В желудке загорелось приятное тепло, а через минуту Питер почувствовал себя сильным и смелым. Сейчас он покажет этой поганке, кто здесь хозяин!

Осторожно неся перед собой недопитую бутылку, Питер вернулся в комнату и выглянул в окно – никого. Дом давно затих, на лестнице – ни звука. Он подождал минут десять, отпил еще несколько глотков.

Интересно, где сейчас болтается эта шлюшка? Наверняка в подъезде. С парнем. Уж кто-кто, а Питер знал, чем можно так долго заниматься в подъезде. У, тварь, всем дает, кроме Питера. В хмельной голове появилась прекрасная идея, и он немедленно ее осуществил. Прокравшись на лестничную площадку, Питер заглянул через перила вниз. Так и есть: целуются. В самом темном углу. Спина Майка заслоняла девушку, и до Питера долетал только ее тихий смех. Лишь дурак поверит, будто дело здесь ограничилось поцелуями, но Питер – не дурак.

Наконец, Мария легонько оттолкнула парня, и Питер сверху увидел улыбающееся девичье лицо с припухшими губами.

Майк спросил:

– До завтра?

Легко рассмеявшись, девушка повернулась к лестнице.

– Конечно, до завтра.

Питер на цыпочках влетел в квартиру и спрятался в темной гостиной напротив зеркала. С этого места он хорошо видел отражение кухни и детской. Питера сжигала ревность. Он поднес бутылку к губам, но руки так дрожали, что сливовица облила щеки.

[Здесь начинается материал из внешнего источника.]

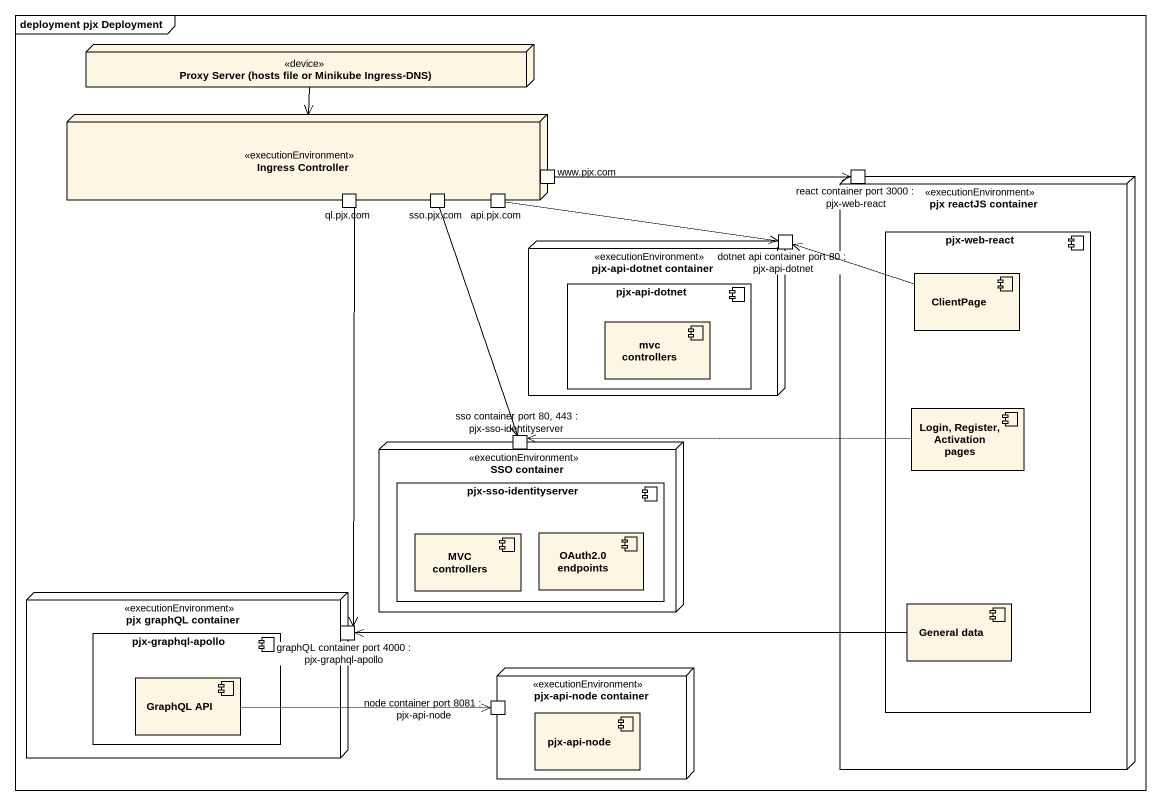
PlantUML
@startuml
mainframe deployment pjx Deployment
node "Proxy Server (hosts file or Minikube Ingress-DNS)" as Proxy_Server_hosts_file_or <<device>>
node "Ingress Controller" as Ingress_Controller <<executionEnvironment>> {
  port "ql.pjx.com" as ql_pjx_com
  port "sso.pjx.com" as sso_pjx_com
  port "api.pjx.com" as api_pjx_com
  port "www.pjx.com" as www_pjx_com
}
node "pjx reactJS container" as pjx_reactJS_container <<executionEnvironment>> {
  port "react container port 3000 : pjx-web-react" as react_container_port_3000
  component "pjx-web-react" as pjx_web_react {
    component ClientPage
    component "Login, Register, Activation pages" as Login_Register_Activation
    component "General data" as General_data
  }
}
node "pjx-api-dotnet container" as pjx_api_dotnet_container <<executionEnvironment>> {
  port "dotnet api container port 80 : pjx-api-dotnet" as dotnet_api_container_port_80
  component "pjx-api-dotnet" as pjx_api_dotnet {
    component "mvc controllers" as mvc_controllers
  }
}
node "SSO container" as SSO_container <<executionEnvironment>> {
  port "sso container port 80, 443 : pjx-sso-identityserver" as sso_container_port_80_443
  component "pjx-sso-identityserver" as pjx_sso_identityserver {
    component "MVC controllers" as MVC_controllers
    component "OAuth2.0 endpoints" as OAuth2_0_endpoints
  }
}
node "pjx graphQL container" as pjx_graphQL_container <<executionEnvironment>> {
  component "pjx-graphql-apollo" as pjx_graphql_apollo {
    component "GraphQL API" as GraphQL_API
  }
  port "graphQL container port 4000 : pjx-graphql-apollo" as graphQL_container_port_4000
}
node "pjx-api-node container" as pjx_api_node_container <<executionEnvironment>> {
  port "node container port 8081 : pjx-api-node" as node_container_port_8081
  component "pjx-api-node" as pjx_api_node
}
Proxy_Server_hosts_file_or --> Ingress_Controller
ql_pjx_com --> graphQL_container_port_4000
sso_pjx_com --> sso_container_port_80_443
api_pjx_com -right-> dotnet_api_container_port_80
www_pjx_com -right-> react_container_port_3000
ClientPage -left-> dotnet_api_container_port_80
Login_Register_Activation -left-> sso_container_port_80_443
General_data -left-> graphQL_container_port_4000
GraphQL_API -right-> node_container_port_8081
@enduml

Без скрипа открылась входная дверь, в желтом пятне тусклого света появилась Мария. Она заглянула в кухню, негромко окликнула:

– Питер!

Ответа не последовало.

– Питер, ты спишь?

Питер затаился за дверью. Пусть думает, будто он спит.

Девушка прошла в свою комнату, включила настольную лампу.

Питер осторожно перевел дыхание: кажется, эта сучка поверила, что он спит и поэтому не закрыла за собой дверь. Хорошо! Вот она сняла платье, и до Питера долетело ее веселое мурлыканье. Похоже, у Марии сегодня прекрасное настроение. С чего бы это?

Внезапно она подняла голову, и Питер замер: неужели заметила? Но нет, обошлось. Девушка спокойно прошла в кухню, там полилась в умывальник вода и загремели кастрюли – Мария мыла посуду.

Напевая, она вернулась в свою комнату, расстегнула лифчик, ладонью потерла красные следы от бретелек. Потом скрылась за дверцей шкафа.

Питер допил бутылку, вытер губы тыльной стороной руки. Его начало развозить.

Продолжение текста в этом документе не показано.